··· The data ···
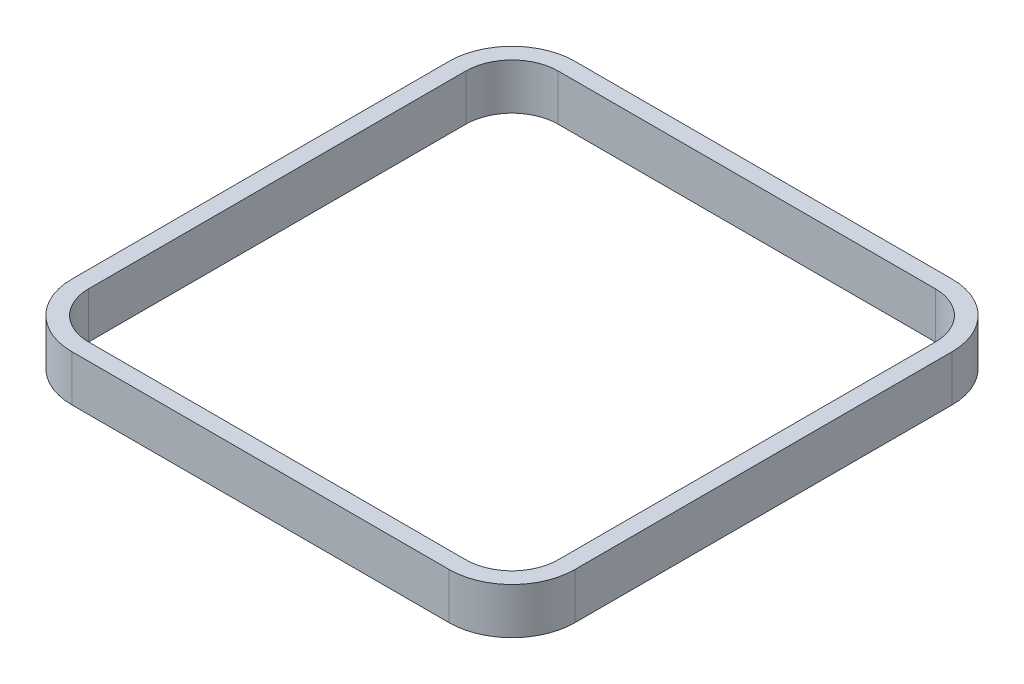
ISO-10303-21;
HEADER;
FILE_DESCRIPTION(('STEP AP214'),'2;1');
FILE_NAME('part.step','',(''),(''),'','','');
FILE_SCHEMA(('AUTOMOTIVE_DESIGN { 1 0 10303 214 1 1 1 1 }'));
ENDSEC;
DATA;
#1=APPLICATION_CONTEXT('core data for automotive mechanical design processes');
#2=APPLICATION_PROTOCOL_DEFINITION('international standard','automotive_design',2000,#1);
#3=PRODUCT_CONTEXT('',#1,'mechanical');
#4=PRODUCT('Part','Part','',(#3));
#5=PRODUCT_RELATED_PRODUCT_CATEGORY('part','',(#4));
#6=PRODUCT_DEFINITION_FORMATION('','',#4);
#7=PRODUCT_DEFINITION_CONTEXT('part definition',#1,'design');
#8=PRODUCT_DEFINITION('design','',#6,#7);
#9=PRODUCT_DEFINITION_SHAPE('','',#8);
#10=(LENGTH_UNIT() NAMED_UNIT(*) SI_UNIT(.MILLI.,.METRE.));
#11=(NAMED_UNIT(*) PLANE_ANGLE_UNIT() SI_UNIT($,.RADIAN.));
#12=(NAMED_UNIT(*) SI_UNIT($,.STERADIAN.) SOLID_ANGLE_UNIT());
#13=UNCERTAINTY_MEASURE_WITH_UNIT(LENGTH_MEASURE(1.E-05),#10,'distance_accuracy_value','');
#14=(GEOMETRIC_REPRESENTATION_CONTEXT(3) GLOBAL_UNCERTAINTY_ASSIGNED_CONTEXT((#13)) GLOBAL_UNIT_ASSIGNED_CONTEXT((#10,
#11,#12)) REPRESENTATION_CONTEXT('',''));
#15=CARTESIAN_POINT('',(0.,0.,0.));
#16=DIRECTION('',(0.,0.,1.));
#17=DIRECTION('',(1.,0.,0.));
#18=AXIS2_PLACEMENT_3D('',#15,#16,#17);
#19=CARTESIAN_POINT('',(450.,150.,-450.));
#20=DIRECTION('',(0.,-1.,0.));
#21=DIRECTION('',(0.,0.,-1.));
#22=AXIS2_PLACEMENT_3D('',#19,#20,#21);
#23=CYLINDRICAL_SURFACE('',#22,150.);
#24=CARTESIAN_POINT('',(450.,40.,-450.));
#25=DIRECTION('',(0.,-1.,0.));
#26=DIRECTION('',(0.,0.,-1.));
#27=AXIS2_PLACEMENT_3D('',#24,#25,#26);
#28=CIRCLE('',#27,150.);
#29=CARTESIAN_POINT('',(449.999999999999,40.,-600.));
#30=VERTEX_POINT('',#29);
#31=CARTESIAN_POINT('',(600.,40.,-449.999999999999));
#32=VERTEX_POINT('',#31);
#33=EDGE_CURVE('E51',#30,#32,#28,.T.);
#34=ORIENTED_EDGE('',*,*,#33,.F.);
#35=DIRECTION('',(0.,-1.,0.));
#36=VECTOR('',#35,1.);
#37=CARTESIAN_POINT('',(449.999999999999,150.,-600.));
#38=LINE('',#37,#36);
#39=CARTESIAN_POINT('',(449.999999999999,150.,-600.));
#40=VERTEX_POINT('',#39);
#41=EDGE_CURVE('E11',#40,#30,#38,.T.);
#42=ORIENTED_EDGE('',*,*,#41,.F.);
#43=CARTESIAN_POINT('',(450.,150.,-450.));
#44=DIRECTION('',(0.,1.,0.));
#45=DIRECTION('',(0.,0.,-1.));
#46=AXIS2_PLACEMENT_3D('',#43,#44,#45);
#47=CIRCLE('',#46,150.);
#48=CARTESIAN_POINT('',(600.,150.,-449.999999999999));
#49=VERTEX_POINT('',#48);
#50=EDGE_CURVE('E278',#49,#40,#47,.T.);
#51=ORIENTED_EDGE('',*,*,#50,.F.);
#52=DIRECTION('',(0.,-1.,0.));
#53=VECTOR('',#52,1.);
#54=CARTESIAN_POINT('',(600.,150.,-449.999999999999));
#55=LINE('',#54,#53);
#56=EDGE_CURVE('E174',#49,#32,#55,.T.);
#57=ORIENTED_EDGE('',*,*,#56,.T.);
#58=EDGE_LOOP('',(#34,#42,#51,#57));
#59=FACE_BOUND('',#58,.T.);
#60=ADVANCED_FACE('F36',(#59),#23,.T.);
#61=CARTESIAN_POINT('',(-449.999999999999,150.,-600.));
#62=DIRECTION('',(0.,0.,1.));
#63=DIRECTION('',(1.,0.,0.));
#64=AXIS2_PLACEMENT_3D('',#61,#62,#63);
#65=PLANE('',#64);
#66=DIRECTION('',(1.,0.,0.));
#67=VECTOR('',#66,1.);
#68=CARTESIAN_POINT('',(-449.999999999999,40.,-600.));
#69=LINE('',#68,#67);
#70=CARTESIAN_POINT('',(-449.999999999999,40.,-600.));
#71=VERTEX_POINT('',#70);
#72=EDGE_CURVE('E212',#71,#30,#69,.T.);
#73=ORIENTED_EDGE('',*,*,#72,.F.);
#74=DIRECTION('',(0.,-1.,0.));
#75=VECTOR('',#74,1.);
#76=CARTESIAN_POINT('',(-449.999999999999,150.,-600.));
#77=LINE('',#76,#75);
#78=CARTESIAN_POINT('',(-449.999999999999,150.,-600.));
#79=VERTEX_POINT('',#78);
#80=EDGE_CURVE('E44',#79,#71,#77,.T.);
#81=ORIENTED_EDGE('',*,*,#80,.F.);
#82=DIRECTION('',(-1.,0.,0.));
#83=VECTOR('',#82,1.);
#84=CARTESIAN_POINT('',(-449.999999999999,150.,-600.));
#85=LINE('',#84,#83);
#86=EDGE_CURVE('E210',#40,#79,#85,.T.);
#87=ORIENTED_EDGE('',*,*,#86,.F.);
#88=ORIENTED_EDGE('',*,*,#41,.T.);
#89=EDGE_LOOP('',(#73,#81,#87,#88));
#90=FACE_BOUND('',#89,.T.);
#91=ADVANCED_FACE('F209',(#90),#65,.F.);
#92=CARTESIAN_POINT('',(-450.,150.,-450.));
#93=DIRECTION('',(0.,-1.,0.));
#94=DIRECTION('',(0.,0.,-1.));
#95=AXIS2_PLACEMENT_3D('',#92,#93,#94);
#96=CYLINDRICAL_SURFACE('',#95,150.);
#97=CARTESIAN_POINT('',(-450.,40.,-450.));
#98=DIRECTION('',(0.,-1.,0.));
#99=DIRECTION('',(0.,0.,-1.));
#100=AXIS2_PLACEMENT_3D('',#97,#98,#99);
#101=CIRCLE('',#100,150.);
#102=CARTESIAN_POINT('',(-600.,40.,-449.999999999999));
#103=VERTEX_POINT('',#102);
#104=EDGE_CURVE('E205',#103,#71,#101,.T.);
#105=ORIENTED_EDGE('',*,*,#104,.F.);
#106=DIRECTION('',(0.,-1.,0.));
#107=VECTOR('',#106,1.);
#108=CARTESIAN_POINT('',(-600.,150.,-449.999999999999));
#109=LINE('',#108,#107);
#110=CARTESIAN_POINT('',(-600.,150.,-449.999999999999));
#111=VERTEX_POINT('',#110);
#112=EDGE_CURVE('E192',#111,#103,#109,.T.);
#113=ORIENTED_EDGE('',*,*,#112,.F.);
#114=CARTESIAN_POINT('',(-450.,150.,-450.));
#115=DIRECTION('',(0.,1.,0.));
#116=DIRECTION('',(0.,0.,-1.));
#117=AXIS2_PLACEMENT_3D('',#114,#115,#116);
#118=CIRCLE('',#117,150.);
#119=EDGE_CURVE('E206',#79,#111,#118,.T.);
#120=ORIENTED_EDGE('',*,*,#119,.F.);
#121=ORIENTED_EDGE('',*,*,#80,.T.);
#122=EDGE_LOOP('',(#105,#113,#120,#121));
#123=FACE_BOUND('',#122,.T.);
#124=ADVANCED_FACE('F203',(#123),#96,.T.);
#125=CARTESIAN_POINT('',(-600.,150.,449.999999999999));
#126=DIRECTION('',(1.,0.,0.));
#127=DIRECTION('',(0.,0.,-1.));
#128=AXIS2_PLACEMENT_3D('',#125,#126,#127);
#129=PLANE('',#128);
#130=DIRECTION('',(0.,0.,-1.));
#131=VECTOR('',#130,1.);
#132=CARTESIAN_POINT('',(-600.,40.,449.999999999999));
#133=LINE('',#132,#131);
#134=CARTESIAN_POINT('',(-600.,40.,449.999999999999));
#135=VERTEX_POINT('',#134);
#136=EDGE_CURVE('E221',#135,#103,#133,.T.);
#137=ORIENTED_EDGE('',*,*,#136,.F.);
#138=DIRECTION('',(0.,-1.,0.));
#139=VECTOR('',#138,1.);
#140=CARTESIAN_POINT('',(-600.,150.,449.999999999999));
#141=LINE('',#140,#139);
#142=CARTESIAN_POINT('',(-600.,150.,449.999999999999));
#143=VERTEX_POINT('',#142);
#144=EDGE_CURVE('E188',#143,#135,#141,.T.);
#145=ORIENTED_EDGE('',*,*,#144,.F.);
#146=DIRECTION('',(0.,0.,1.));
#147=VECTOR('',#146,1.);
#148=CARTESIAN_POINT('',(-600.,150.,449.999999999999));
#149=LINE('',#148,#147);
#150=EDGE_CURVE('E304',#111,#143,#149,.T.);
#151=ORIENTED_EDGE('',*,*,#150,.F.);
#152=ORIENTED_EDGE('',*,*,#112,.T.);
#153=EDGE_LOOP('',(#137,#145,#151,#152));
#154=FACE_BOUND('',#153,.T.);
#155=ADVANCED_FACE('F330',(#154),#129,.F.);
#156=CARTESIAN_POINT('',(-450.,150.,450.));
#157=DIRECTION('',(0.,-1.,0.));
#158=DIRECTION('',(0.,0.,-1.));
#159=AXIS2_PLACEMENT_3D('',#156,#157,#158);
#160=CYLINDRICAL_SURFACE('',#159,150.);
#161=CARTESIAN_POINT('',(-450.,40.,450.));
#162=DIRECTION('',(0.,-1.,0.));
#163=DIRECTION('',(0.,0.,-1.));
#164=AXIS2_PLACEMENT_3D('',#161,#162,#163);
#165=CIRCLE('',#164,150.);
#166=CARTESIAN_POINT('',(-449.999999999999,40.,600.));
#167=VERTEX_POINT('',#166);
#168=EDGE_CURVE('E323',#167,#135,#165,.T.);
#169=ORIENTED_EDGE('',*,*,#168,.F.);
#170=DIRECTION('',(0.,-1.,0.));
#171=VECTOR('',#170,1.);
#172=CARTESIAN_POINT('',(-449.999999999999,150.,600.));
#173=LINE('',#172,#171);
#174=CARTESIAN_POINT('',(-449.999999999999,150.,600.));
#175=VERTEX_POINT('',#174);
#176=EDGE_CURVE('E179',#175,#167,#173,.T.);
#177=ORIENTED_EDGE('',*,*,#176,.F.);
#178=CARTESIAN_POINT('',(-450.,150.,450.));
#179=DIRECTION('',(0.,1.,0.));
#180=DIRECTION('',(0.,0.,-1.));
#181=AXIS2_PLACEMENT_3D('',#178,#179,#180);
#182=CIRCLE('',#181,150.);
#183=EDGE_CURVE('E307',#143,#175,#182,.T.);
#184=ORIENTED_EDGE('',*,*,#183,.F.);
#185=ORIENTED_EDGE('',*,*,#144,.T.);
#186=EDGE_LOOP('',(#169,#177,#184,#185));
#187=FACE_BOUND('',#186,.T.);
#188=ADVANCED_FACE('F334',(#187),#160,.T.);
#189=CARTESIAN_POINT('',(-449.999999999999,150.,600.));
#190=DIRECTION('',(0.,0.,-1.));
#191=DIRECTION('',(-1.,0.,0.));
#192=AXIS2_PLACEMENT_3D('',#189,#190,#191);
#193=PLANE('',#192);
#194=DIRECTION('',(-1.,0.,0.));
#195=VECTOR('',#194,1.);
#196=CARTESIAN_POINT('',(449.999999999999,40.,600.));
#197=LINE('',#196,#195);
#198=CARTESIAN_POINT('',(449.999999999999,40.,600.));
#199=VERTEX_POINT('',#198);
#200=EDGE_CURVE('E169',#199,#167,#197,.T.);
#201=ORIENTED_EDGE('',*,*,#200,.F.);
#202=DIRECTION('',(0.,-1.,0.));
#203=VECTOR('',#202,1.);
#204=CARTESIAN_POINT('',(449.999999999999,150.,600.));
#205=LINE('',#204,#203);
#206=CARTESIAN_POINT('',(449.999999999999,150.,600.));
#207=VERTEX_POINT('',#206);
#208=EDGE_CURVE('E167',#207,#199,#205,.T.);
#209=ORIENTED_EDGE('',*,*,#208,.F.);
#210=DIRECTION('',(1.,0.,0.));
#211=VECTOR('',#210,1.);
#212=CARTESIAN_POINT('',(-449.999999999999,150.,600.));
#213=LINE('',#212,#211);
#214=EDGE_CURVE('E310',#175,#207,#213,.T.);
#215=ORIENTED_EDGE('',*,*,#214,.F.);
#216=ORIENTED_EDGE('',*,*,#176,.T.);
#217=EDGE_LOOP('',(#201,#209,#215,#216));
#218=FACE_BOUND('',#217,.T.);
#219=ADVANCED_FACE('F338',(#218),#193,.F.);
#220=CARTESIAN_POINT('',(450.,150.,450.));
#221=DIRECTION('',(0.,-1.,0.));
#222=DIRECTION('',(0.,0.,-1.));
#223=AXIS2_PLACEMENT_3D('',#220,#221,#222);
#224=CYLINDRICAL_SURFACE('',#223,150.);
#225=CARTESIAN_POINT('',(450.,40.,450.));
#226=DIRECTION('',(0.,-1.,0.));
#227=DIRECTION('',(0.,0.,-1.));
#228=AXIS2_PLACEMENT_3D('',#225,#226,#227);
#229=CIRCLE('',#228,150.);
#230=CARTESIAN_POINT('',(600.,40.,449.999999999999));
#231=VERTEX_POINT('',#230);
#232=EDGE_CURVE('E151',#231,#199,#229,.T.);
#233=ORIENTED_EDGE('',*,*,#232,.F.);
#234=DIRECTION('',(0.,-1.,0.));
#235=VECTOR('',#234,1.);
#236=CARTESIAN_POINT('',(600.,150.,449.999999999999));
#237=LINE('',#236,#235);
#238=CARTESIAN_POINT('',(600.,150.,449.999999999999));
#239=VERTEX_POINT('',#238);
#240=EDGE_CURVE('E164',#239,#231,#237,.T.);
#241=ORIENTED_EDGE('',*,*,#240,.F.);
#242=CARTESIAN_POINT('',(450.,150.,450.));
#243=DIRECTION('',(0.,1.,0.));
#244=DIRECTION('',(0.,0.,-1.));
#245=AXIS2_PLACEMENT_3D('',#242,#243,#244);
#246=CIRCLE('',#245,150.);
#247=EDGE_CURVE('E312',#207,#239,#246,.T.);
#248=ORIENTED_EDGE('',*,*,#247,.F.);
#249=ORIENTED_EDGE('',*,*,#208,.T.);
#250=EDGE_LOOP('',(#233,#241,#248,#249));
#251=FACE_BOUND('',#250,.T.);
#252=ADVANCED_FACE('F162',(#251),#224,.T.);
#253=CARTESIAN_POINT('',(600.,150.,449.999999999999));
#254=DIRECTION('',(-1.,0.,0.));
#255=DIRECTION('',(0.,0.,1.));
#256=AXIS2_PLACEMENT_3D('',#253,#254,#255);
#257=PLANE('',#256);
#258=DIRECTION('',(0.,0.,1.));
#259=VECTOR('',#258,1.);
#260=CARTESIAN_POINT('',(600.,40.,-449.999999999999));
#261=LINE('',#260,#259);
#262=EDGE_CURVE('E147',#32,#231,#261,.T.);
#263=ORIENTED_EDGE('',*,*,#262,.F.);
#264=ORIENTED_EDGE('',*,*,#56,.F.);
#265=DIRECTION('',(0.,0.,-1.));
#266=VECTOR('',#265,1.);
#267=CARTESIAN_POINT('',(600.,150.,449.999999999999));
#268=LINE('',#267,#266);
#269=EDGE_CURVE('E172',#239,#49,#268,.T.);
#270=ORIENTED_EDGE('',*,*,#269,.F.);
#271=ORIENTED_EDGE('',*,*,#240,.T.);
#272=EDGE_LOOP('',(#263,#264,#270,#271));
#273=FACE_BOUND('',#272,.T.);
#274=ADVANCED_FACE('F171',(#273),#257,.F.);
#275=CARTESIAN_POINT('',(450.,150.,-450.));
#276=DIRECTION('',(0.,-1.,0.));
#277=DIRECTION('',(0.,0.,-1.));
#278=AXIS2_PLACEMENT_3D('',#275,#276,#277);
#279=PLANE('',#278);
#280=DIRECTION('',(-1.,0.,0.));
#281=VECTOR('',#280,1.);
#282=CARTESIAN_POINT('',(449.999999999999,150.,-560.));
#283=LINE('',#282,#281);
#284=CARTESIAN_POINT('',(449.999999999999,150.,-560.));
#285=VERTEX_POINT('',#284);
#286=CARTESIAN_POINT('',(-449.999999999999,150.,-560.));
#287=VERTEX_POINT('',#286);
#288=EDGE_CURVE('E219',#285,#287,#283,.T.);
#289=ORIENTED_EDGE('',*,*,#288,.F.);
#290=CARTESIAN_POINT('',(450.,150.,-450.));
#291=DIRECTION('',(0.,1.,0.));
#292=DIRECTION('',(0.,0.,1.));
#293=AXIS2_PLACEMENT_3D('',#290,#291,#292);
#294=CIRCLE('',#293,110.);
#295=CARTESIAN_POINT('',(560.,150.,-449.999999999999));
#296=VERTEX_POINT('',#295);
#297=EDGE_CURVE('E59',#296,#285,#294,.T.);
#298=ORIENTED_EDGE('',*,*,#297,.F.);
#299=DIRECTION('',(0.,0.,-1.));
#300=VECTOR('',#299,1.);
#301=CARTESIAN_POINT('',(560.,150.,449.999999999999));
#302=LINE('',#301,#300);
#303=CARTESIAN_POINT('',(560.,150.,449.999999999999));
#304=VERTEX_POINT('',#303);
#305=EDGE_CURVE('E229',#304,#296,#302,.T.);
#306=ORIENTED_EDGE('',*,*,#305,.F.);
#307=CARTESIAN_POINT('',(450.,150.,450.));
···
Output the lines of the records above exactly as they appear, from the line containing "#233=ORIENTED_EDGE('',*,*,#232,.F.);" through the line containing "#271=ORIENTED_EDGE('',*,*,#240,.T.);".

Response to the exercise =>
#233=ORIENTED_EDGE('',*,*,#232,.F.);
#234=DIRECTION('',(0.,-1.,0.));
#235=VECTOR('',#234,1.);
#236=CARTESIAN_POINT('',(600.,150.,449.999999999999));
#237=LINE('',#236,#235);
#238=CARTESIAN_POINT('',(600.,150.,449.999999999999));
#239=VERTEX_POINT('',#238);
#240=EDGE_CURVE('E164',#239,#231,#237,.T.);
#241=ORIENTED_EDGE('',*,*,#240,.F.);
#242=CARTESIAN_POINT('',(450.,150.,450.));
#243=DIRECTION('',(0.,1.,0.));
#244=DIRECTION('',(0.,0.,-1.));
#245=AXIS2_PLACEMENT_3D('',#242,#243,#244);
#246=CIRCLE('',#245,150.);
#247=EDGE_CURVE('E312',#207,#239,#246,.T.);
#248=ORIENTED_EDGE('',*,*,#247,.F.);
#249=ORIENTED_EDGE('',*,*,#208,.T.);
#250=EDGE_LOOP('',(#233,#241,#248,#249));
#251=FACE_BOUND('',#250,.T.);
#252=ADVANCED_FACE('F162',(#251),#224,.T.);
#253=CARTESIAN_POINT('',(600.,150.,449.999999999999));
#254=DIRECTION('',(-1.,0.,0.));
#255=DIRECTION('',(0.,0.,1.));
#256=AXIS2_PLACEMENT_3D('',#253,#254,#255);
#257=PLANE('',#256);
#258=DIRECTION('',(0.,0.,1.));
#259=VECTOR('',#258,1.);
#260=CARTESIAN_POINT('',(600.,40.,-449.999999999999));
#261=LINE('',#260,#259);
#262=EDGE_CURVE('E147',#32,#231,#261,.T.);
#263=ORIENTED_EDGE('',*,*,#262,.F.);
#264=ORIENTED_EDGE('',*,*,#56,.F.);
#265=DIRECTION('',(0.,0.,-1.));
#266=VECTOR('',#265,1.);
#267=CARTESIAN_POINT('',(600.,150.,449.999999999999));
#268=LINE('',#267,#266);
#269=EDGE_CURVE('E172',#239,#49,#268,.T.);
#270=ORIENTED_EDGE('',*,*,#269,.F.);
#271=ORIENTED_EDGE('',*,*,#240,.T.);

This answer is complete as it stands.